YOUR INSTRUCTIONS:
Search the data for the string "import" and gather each line it is in.

SOURCE INFORMATION:
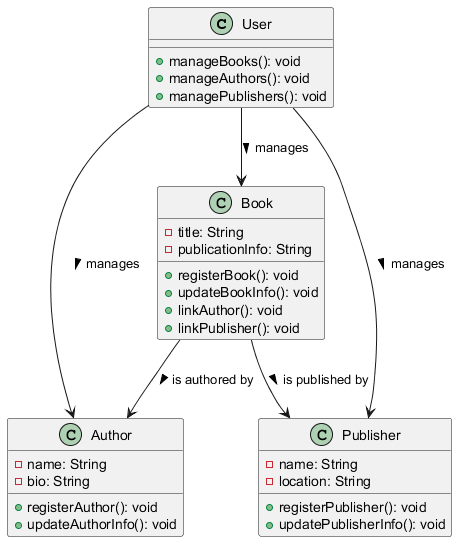

The diagram above was rendered by PlantUML. Its source (embedded in the PNG):
@startuml
class User {
    + manageBooks(): void
    + manageAuthors(): void
    + managePublishers(): void
}

class Book {
    - title: String
    - publicationInfo: String
    + registerBook(): void
    + updateBookInfo(): void
    + linkAuthor(): void
    + linkPublisher(): void
}

class Author {
    - name: String
    - bio: String
    + registerAuthor(): void
    + updateAuthorInfo(): void
}

class Publisher {
    - name: String
    - location: String
    + registerPublisher(): void
    + updatePublisherInfo(): void
}

User --> Book : manages >
User --> Author : manages >
User --> Publisher : manages >
Book --> Author : is authored by >
Book --> Publisher : is published by >
@enduml
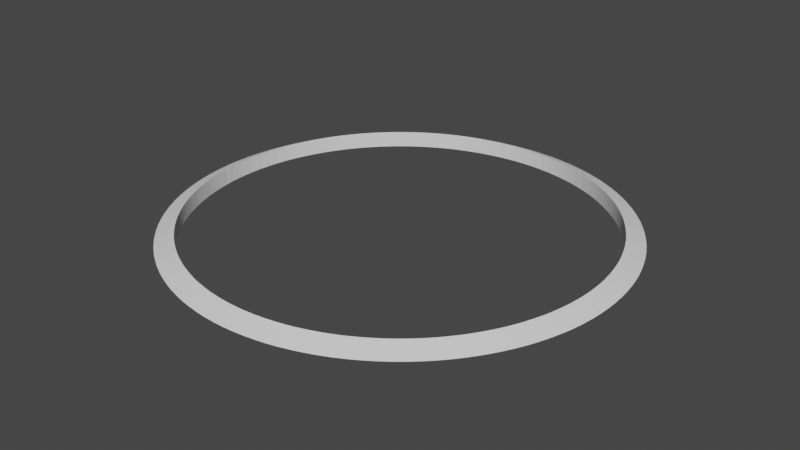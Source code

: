 # Source: simleMeshCircle_1_.blend  (saved by Blender 3.5.10; exported with 4.5.12 LTS)
import bpy
from mathutils import Matrix  # noqa: F401  (used for matrix-valued properties, if any)

bpy.ops.wm.read_factory_settings(use_empty=True)
scene = bpy.context.scene
scene.name = 'Scene'

# ---- collections
col_collection = bpy.data.collections.new('Collection'); scene.collection.children.link(col_collection)

# ---- world
world_world = bpy.data.worlds.new('World'); scene.world = world_world
world_world.use_nodes = True; world_world.node_tree.nodes.clear()
_N = world_world.node_tree.nodes; _L = world_world.node_tree.links
n0 = _N.new('ShaderNodeOutputWorld'); n0.name = 'World Output'; n0.location = (300, 300)
n1 = _N.new('ShaderNodeBackground'); n1.name = 'Background'; n1.location = (10, 300)
n1.inputs[0].default_value = (0.05088, 0.05088, 0.05088, 1.0)
_L.new(n1.outputs[0], n0.inputs[0])
n0.is_active_output = True
world_world.color = (0.05088, 0.05088, 0.05088)
world_world.use_sun_shadow = False
world_world.sun_shadow_jitter_overblur = 0.0

# ---- meshes
me_torus = bpy.data.meshes.new('Torus')
me_torus.from_pydata([(1.25, 0.0, 0.0), (1.146, 2.189e-08, -0.04645), (1.146, 2.189e-08, 0.04645), (1.25, 0.03068, 0.0), (1.146, 0.02813, -0.04645), (1.146, 0.02813, 0.04645), (1.248, 0.06133, 0.0), (1.145, 0.05623, -0.04645), (1.145, 0.05623, 0.04645), (1.247, 0.09196, 0.0), (1.143, 0.08431, -0.04645), (1.143, 0.08431, 0.04645), (1.244, 0.1225, 0.0), (1.141, 0.1123, -0.04645), (1.141, 0.1123, 0.04645), (1.241, 0.153, 0.0), (1.137, 0.1403, -0.04645), (1.137, 0.1403, 0.04645), (1.236, 0.1834, 0.0), (1.134, 0.1682, -0.04645), (1.134, 0.1682, 0.04645), (1.232, 0.2137, 0.0), (1.129, 0.1959, -0.04645), (1.129, 0.1959, 0.04645), (1.226, 0.2439, 0.0), (1.124, 0.2236, -0.04645), (1.124, 0.2236, 0.04645), (1.22, 0.2739, 0.0), (1.118, 0.2511, -0.04645), (1.118, 0.2511, 0.04645), (1.213, 0.3037, 0.0), (1.112, 0.2785, -0.04645), (1.112, 0.2785, 0.04645), (1.205, 0.3334, 0.0), (1.105, 0.3057, -0.04645), (1.105, 0.3057, 0.04645), (1.196, 0.3629, 0.0), (1.097, 0.3327, -0.04645), (1.097, 0.3327, 0.04645), (1.187, 0.3921, 0.0), (1.088, 0.3595, -0.04645), (1.088, 0.3595, 0.04645), (1.177, 0.4211, 0.0), (1.079, 0.3861, -0.04645), (1.079, 0.3861, 0.04645), (1.166, 0.4499, 0.0), (1.069, 0.4125, -0.04645), (1.069, 0.4125, 0.04645), (1.155, 0.4784, 0.0), (1.059, 0.4386, -0.04645), (1.059, 0.4386, 0.04645), (1.143, 0.5066, 0.0), (1.048, 0.4644, -0.04645), (1.048, 0.4644, 0.04645), (1.13, 0.5344, 0.0), (1.036, 0.49, -0.04645), (1.036, 0.49, 0.04645), (1.117, 0.562, 0.0), (1.024, 0.5153, -0.04645), (1.024, 0.5153, 0.04645), (1.102, 0.5892, 0.0), (1.011, 0.5402, -0.04645), (1.011, 0.5402, 0.04645), (1.088, 0.6161, 0.0), (0.9972, 0.5649, -0.04645), (0.9972, 0.5649, 0.04645), (1.072, 0.6426, 0.0), (0.983, 0.5892, -0.04645), (0.983, 0.5892, 0.04645), (1.056, 0.6687, 0.0), (0.9683, 0.6131, -0.04645), (0.9683, 0.6131, 0.04645), (1.039, 0.6945, 0.0), (0.9529, 0.6367, -0.04645), (0.9529, 0.6367, 0.04645), (1.022, 0.7198, 0.0), (0.937, 0.6599, -0.04645), (0.937, 0.6599, 0.04645), (1.004, 0.7446, 0.0), (0.9205, 0.6827, -0.04645), (0.9205, 0.6827, 0.04645), (0.9854, 0.769, 0.0), (0.9035, 0.7051, -0.04645), (0.9035, 0.7051, 0.04645), (0.9663, 0.793, 0.0), (0.8859, 0.7271, -0.04645), (0.8859, 0.7271, 0.04645), (0.9465, 0.8165, 0.0), (0.8678, 0.7486, -0.04645), (0.8678, 0.7486, 0.04645), (0.9262, 0.8394, 0.0), (0.8492, 0.7696, -0.04645), (0.8492, 0.7696, 0.04645), (0.9053, 0.8619, 0.0), (0.83, 0.7903, -0.04645), (0.83, 0.7903, 0.04645), (0.8839, 0.8839, 0.0), (0.8104, 0.8104, -0.04645), (0.8104, 0.8104, 0.04645), (0.8619, 0.9053, 0.0), (0.7903, 0.83, -0.04645), (0.7903, 0.83, 0.04645), (0.8394, 0.9262, 0.0), (0.7696, 0.8492, -0.04645), (0.7696, 0.8492, 0.04645), (0.8165, 0.9465, 0.0), (0.7486, 0.8678, -0.04645), (0.7486, 0.8678, 0.04645), (0.793, 0.9663, 0.0), (0.7271, 0.8859, -0.04645), (0.7271, 0.8859, 0.04645), (0.769, 0.9854, 0.0), (0.7051, 0.9035, -0.04645), (0.7051, 0.9035, 0.04645), (0.7446, 1.004, 0.0), (0.6827, 0.9205, -0.04645), (0.6827, 0.9205, 0.04645), (0.7198, 1.022, 0.0), (0.6599, 0.937, -0.04645), (0.6599, 0.937, 0.04645), (0.6945, 1.039, 0.0), (0.6367, 0.9529, -0.04645), (0.6367, 0.9529, 0.04645), (0.6687, 1.056, 0.0), (0.6131, 0.9683, -0.04645), (0.6131, 0.9683, 0.04645), (0.6426, 1.072, 0.0), (0.5892, 0.983, -0.04645), (0.5892, 0.983, 0.04645), (0.6161, 1.088, 0.0), (0.5649, 0.9972, -0.04645), (0.5649, 0.9972, 0.04645), (0.5892, 1.102, 0.0), (0.5402, 1.011, -0.04645), (0.5402, 1.011, 0.04645), (0.562, 1.117, 0.0), (0.5153, 1.024, -0.04645), (0.5153, 1.024, 0.04645), (0.5344, 1.13, 0.0), (0.49, 1.036, -0.04645), (0.49, 1.036, 0.04645), (0.5066, 1.143, 0.0), (0.4644, 1.048, -0.04645), (0.4644, 1.048, 0.04645), (0.4784, 1.155, 0.0), (0.4386, 1.059, -0.04645), (0.4386, 1.059, 0.04645), (0.4499, 1.166, 0.0), (0.4125, 1.069, -0.04645), (0.4125, 1.069, 0.04645), (0.4211, 1.177, 0.0), (0.3861, 1.079, -0.04645), (0.3861, 1.079, 0.04645), (0.3921, 1.187, 0.0), (0.3595, 1.088, -0.04645), (0.3595, 1.088, 0.04645), (0.3629, 1.196, 0.0), (0.3327, 1.097, -0.04645), (0.3327, 1.097, 0.04645), (0.3334, 1.205, 0.0), (0.3057, 1.105, -0.04645), (0.3057, 1.105, 0.04645), (0.3037, 1.213, 0.0), (0.2785, 1.112, -0.04645), (0.2785, 1.112, 0.04645), (0.2739, 1.22, 0.0), (0.2511, 1.118, -0.04645), (0.2511, 1.118, 0.04645), (0.2439, 1.226, 0.0), (0.2236, 1.124, -0.04645), (0.2236, 1.124, 0.04645), (0.2137, 1.232, 0.0), (0.1959, 1.129, -0.04645), (0.1959, 1.129, 0.04645), (0.1834, 1.236, 0.0), (0.1682, 1.134, -0.04645), (0.1682, 1.134, 0.04645), (0.153, 1.241, 0.0), (0.1403, 1.137, -0.04645), (0.1403, 1.137, 0.04645), (0.1225, 1.244, 0.0), (0.1123, 1.141, -0.04645), (0.1123, 1.141, 0.04645), (0.09196, 1.247, 0.0), (0.08431, 1.143, -0.04645), (0.08431, 1.143, 0.04645), (0.06133, 1.248, 0.0), (0.05623, 1.145, -0.04645), (0.05623, 1.145, 0.04645), (0.03068, 1.25, 0.0), (0.02813, 1.146, -0.04645), (0.02813, 1.146, 0.04645), (9.437e-08, 1.25, 0.0), (1.018e-07, 1.146, -0.04645), (1.018e-07, 1.146, 0.04645), (-0.03068, 1.25, 0.0), (-0.02813, 1.146, -0.04645), (-0.02813, 1.146, 0.04645), (-0.06133, 1.248, 0.0), (-0.05623, 1.145, -0.04645), (-0.05623, 1.145, 0.04645), (-0.09196, 1.247, 0.0), (-0.08431, 1.143, -0.04645), (-0.08431, 1.143, 0.04645), (-0.1225, 1.244, 0.0), (-0.1123, 1.141, -0.04645), (-0.1123, 1.141, 0.04645), (-0.153, 1.241, 0.0), (-0.1403, 1.137, -0.04645), (-0.1403, 1.137, 0.04645), (-0.1834, 1.236, 0.0), (-0.1682, 1.134, -0.04645), (-0.1682, 1.134, 0.04645), (-0.2137, 1.232, 0.0), (-0.1959, 1.129, -0.04645), (-0.1959, 1.129, 0.04645), (-0.2439, 1.226, 0.0), (-0.2236, 1.124, -0.04645), (-0.2236, 1.124, 0.04645), (-0.2739, 1.22, 0.0), (-0.2511, 1.118, -0.04645), (-0.2511, 1.118, 0.04645), (-0.3037, 1.213, 0.0), (-0.2785, 1.112, -0.04645), (-0.2785, 1.112, 0.04645), (-0.3334, 1.205, 0.0), (-0.3057, 1.105, -0.04645), (-0.3057, 1.105, 0.04645), (-0.3629, 1.196, 0.0), (-0.3327, 1.097, -0.04645), (-0.3327, 1.097, 0.04645), (-0.3921, 1.187, 0.0), (-0.3595, 1.088, -0.04645), (-0.3595, 1.088, 0.04645), (-0.4211, 1.177, 0.0), (-0.3861, 1.079, -0.04645), (-0.3861, 1.079, 0.04645), (-0.4499, 1.166, 0.0), (-0.4125, 1.069, -0.04645), (-0.4125, 1.069, 0.04645), (-0.4784, 1.155, 0.0), (-0.4386, 1.059, -0.04645), (-0.4386, 1.059, 0.04645), (-0.5066, 1.143, 0.0), (-0.4644, 1.048, -0.04645), (-0.4644, 1.048, 0.04645), (-0.5344, 1.13, 0.0), (-0.49, 1.036, -0.04645), (-0.49, 1.036, 0.04645), (-0.562, 1.117, 0.0), (-0.5153, 1.024, -0.04645), (-0.5153, 1.024, 0.04645), (-0.5892, 1.102, 0.0), (-0.5402, 1.011, -0.04645), (-0.5402, 1.011, 0.04645), (-0.6161, 1.088, 0.0), (-0.5649, 0.9972, -0.04645), (-0.5649, 0.9972, 0.04645), (-0.6426, 1.072, 0.0), (-0.5892, 0.983, -0.04645), (-0.5892, 0.983, 0.04645), (-0.6687, 1.056, 0.0), (-0.6131, 0.9683, -0.04645), (-0.6131, 0.9683, 0.04645), (-0.6945, 1.039, 0.0), (-0.6367, 0.9529, -0.04645), (-0.6367, 0.9529, 0.04645), (-0.7198, 1.022, 0.0), (-0.6599, 0.937, -0.04645), (-0.6599, 0.937, 0.04645), (-0.7446, 1.004, 0.0), (-0.6827, 0.9205, -0.04645), (-0.6827, 0.9205, 0.04645), (-0.769, 0.9854, 0.0), (-0.7051, 0.9035, -0.04645), (-0.7051, 0.9035, 0.04645), (-0.793, 0.9663, 0.0), (-0.7271, 0.8859, -0.04645), (-0.7271, 0.8859, 0.04645), (-0.8165, 0.9465, 0.0), (-0.7486, 0.8678, -0.04645), (-0.7486, 0.8678, 0.04645), (-0.8394, 0.9262, 0.0), (-0.7696, 0.8492, -0.04645), (-0.7696, 0.8492, 0.04645), (-0.8619, 0.9053, 0.0), (-0.7903, 0.83, -0.04645), (-0.7903, 0.83, 0.04645), (-0.8839, 0.8839, 0.0), (-0.8104, 0.8104, -0.04645), (-0.8104, 0.8104, 0.04645), (-0.9053, 0.8619, 0.0), (-0.83, 0.7903, -0.04645), (-0.83, 0.7903, 0.04645), (-0.9262, 0.8394, 0.0), (-0.8492, 0.7696, -0.04645), (-0.8492, 0.7696, 0.04645), (-0.9465, 0.8165, 0.0), (-0.8678, 0.7486, -0.04645), (-0.8678, 0.7486, 0.04645), (-0.9663, 0.793, 0.0), (-0.8859, 0.7271, -0.04645), (-0.8859, 0.7271, 0.04645), (-0.9854, 0.769, 0.0), (-0.9035, 0.7051, -0.04645), (-0.9035, 0.7051, 0.04645), (-1.004, 0.7446, 0.0), (-0.9205, 0.6827, -0.04645), (-0.9205, 0.6827, 0.04645), (-1.022, 0.7198, 0.0), (-0.937, 0.6599, -0.04645), (-0.937, 0.6599, 0.04645), (-1.039, 0.6945, 0.0), (-0.9529, 0.6367, -0.04645), (-0.9529, 0.6367, 0.04645), (-1.056, 0.6687, 0.0), (-0.9683, 0.6131, -0.04645), (-0.9683, 0.6131, 0.04645), (-1.072, 0.6426, 0.0), (-0.983, 0.5892, -0.04645), (-0.983, 0.5892, 0.04645), (-1.088, 0.6161, 0.0), (-0.9972, 0.5649, -0.04645), (-0.9972, 0.5649, 0.04645), (-1.102, 0.5892, 0.0), (-1.011, 0.5402, -0.04645), (-1.011, 0.5402, 0.04645), (-1.117, 0.562, 0.0), (-1.024, 0.5153, -0.04645), (-1.024, 0.5153, 0.04645), (-1.13, 0.5344, 0.0), (-1.036, 0.49, -0.04645), (-1.036, 0.49, 0.04645), (-1.143, 0.5066, 0.0), (-1.048, 0.4644, -0.04645), (-1.048, 0.4644, 0.04645), (-1.155, 0.4784, 0.0), (-1.059, 0.4386, -0.04645), (-1.059, 0.4386, 0.04645), (-1.166, 0.4499, 0.0), (-1.069, 0.4125, -0.04645), (-1.069, 0.4125, 0.04645), (-1.177, 0.4211, 0.0), (-1.079, 0.3861, -0.04645), (-1.079, 0.3861, 0.04645), (-1.187, 0.3921, 0.0), (-1.088, 0.3595, -0.04645), (-1.088, 0.3595, 0.04645), (-1.196, 0.3629, 0.0), (-1.097, 0.3327, -0.04645), (-1.097, 0.3327, 0.04645), (-1.205, 0.3334, 0.0), (-1.105, 0.3057, -0.04645), (-1.105, 0.3057, 0.04645), (-1.213, 0.3037, 0.0), (-1.112, 0.2785, -0.04645), (-1.112, 0.2785, 0.04645), (-1.22, 0.2739, 0.0), (-1.118, 0.2511, -0.04645), (-1.118, 0.2511, 0.04645), (-1.226, 0.2439, 0.0), (-1.124, 0.2236, -0.04645), (-1.124, 0.2236, 0.04645), (-1.232, 0.2137, 0.0), (-1.129, 0.1959, -0.04645), (-1.129, 0.1959, 0.04645), (-1.236, 0.1834, 0.0), (-1.134, 0.1682, -0.04645), (-1.134, 0.1682, 0.04645), (-1.241, 0.153, 0.0), (-1.137, 0.1403, -0.04645), (-1.137, 0.1403, 0.04645), (-1.244, 0.1225, 0.0), (-1.141, 0.1123, -0.04645), (-1.141, 0.1123, 0.04645), (-1.247, 0.09196, 0.0), (-1.143, 0.08431, -0.04645), (-1.143, 0.08431, 0.04645), (-1.248, 0.06133, 0.0), (-1.145, 0.05623, -0.04645), (-1.145, 0.05623, 0.04645), (-1.25, 0.03068, 0.0), (-1.146, 0.02813, -0.04645), (-1.146, 0.02813, 0.04645), (-1.25, 1.093e-07, 0.0), (-1.146, 1.221e-07, -0.04645), (-1.146, 1.221e-07, 0.04645), (-1.25, -0.03068, 0.0), (-1.146, -0.02813, -0.04645), (-1.146, -0.02813, 0.04645), (-1.248, -0.06133, 0.0), (-1.145, -0.05623, -0.04645), (-1.145, -0.05623, 0.04645), (-1.247, -0.09196, 0.0), (-1.143, -0.08431, -0.04645), (-1.143, -0.08431, 0.04645), (-1.244, -0.1225, 0.0), (-1.141, -0.1123, -0.04645), (-1.141, -0.1123, 0.04645), (-1.241, -0.153, 0.0), (-1.137, -0.1403, -0.04645), (-1.137, -0.1403, 0.04645), (-1.236, -0.1834, 0.0), (-1.134, -0.1682, -0.04645), (-1.134, -0.1682, 0.04645), (-1.232, -0.2137, 0.0), (-1.129, -0.1959, -0.04645), (-1.129, -0.1959, 0.04645), (-1.226, -0.2439, 0.0), (-1.124, -0.2236, -0.04645), (-1.124, -0.2236, 0.04645), (-1.22, -0.2739, 0.0), (-1.118, -0.2511, -0.04645), (-1.118, -0.2511, 0.04645), (-1.213, -0.3037, 0.0), (-1.112, -0.2785, -0.04645), (-1.112, -0.2785, 0.04645), (-1.205, -0.3334, 0.0), (-1.105, -0.3057, -0.04645), (-1.105, -0.3057, 0.04645), (-1.196, -0.3629, 0.0), (-1.097, -0.3327, -0.04645), (-1.097, -0.3327, 0.04645), (-1.187, -0.3921, 0.0), (-1.088, -0.3595, -0.04645), (-1.088, -0.3595, 0.04645), (-1.177, -0.4211, 0.0), (-1.079, -0.3861, -0.04645), (-1.079, -0.3861, 0.04645), (-1.166, -0.4499, 0.0), (-1.069, -0.4125, -0.04645), (-1.069, -0.4125, 0.04645), (-1.155, -0.4784, 0.0), (-1.059, -0.4386, -0.04645), (-1.059, -0.4386, 0.04645), (-1.143, -0.5066, 0.0), (-1.048, -0.4644, -0.04645), (-1.048, -0.4644, 0.04645), (-1.13, -0.5344, 0.0), (-1.036, -0.49, -0.04645), (-1.036, -0.49, 0.04645), (-1.117, -0.562, 0.0), (-1.024, -0.5153, -0.04645), (-1.024, -0.5153, 0.04645), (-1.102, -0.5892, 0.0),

WRITTEN SOLUTION:
import bpy
from mathutils import Matrix  # noqa: F401  (used for matrix-valued properties, if any)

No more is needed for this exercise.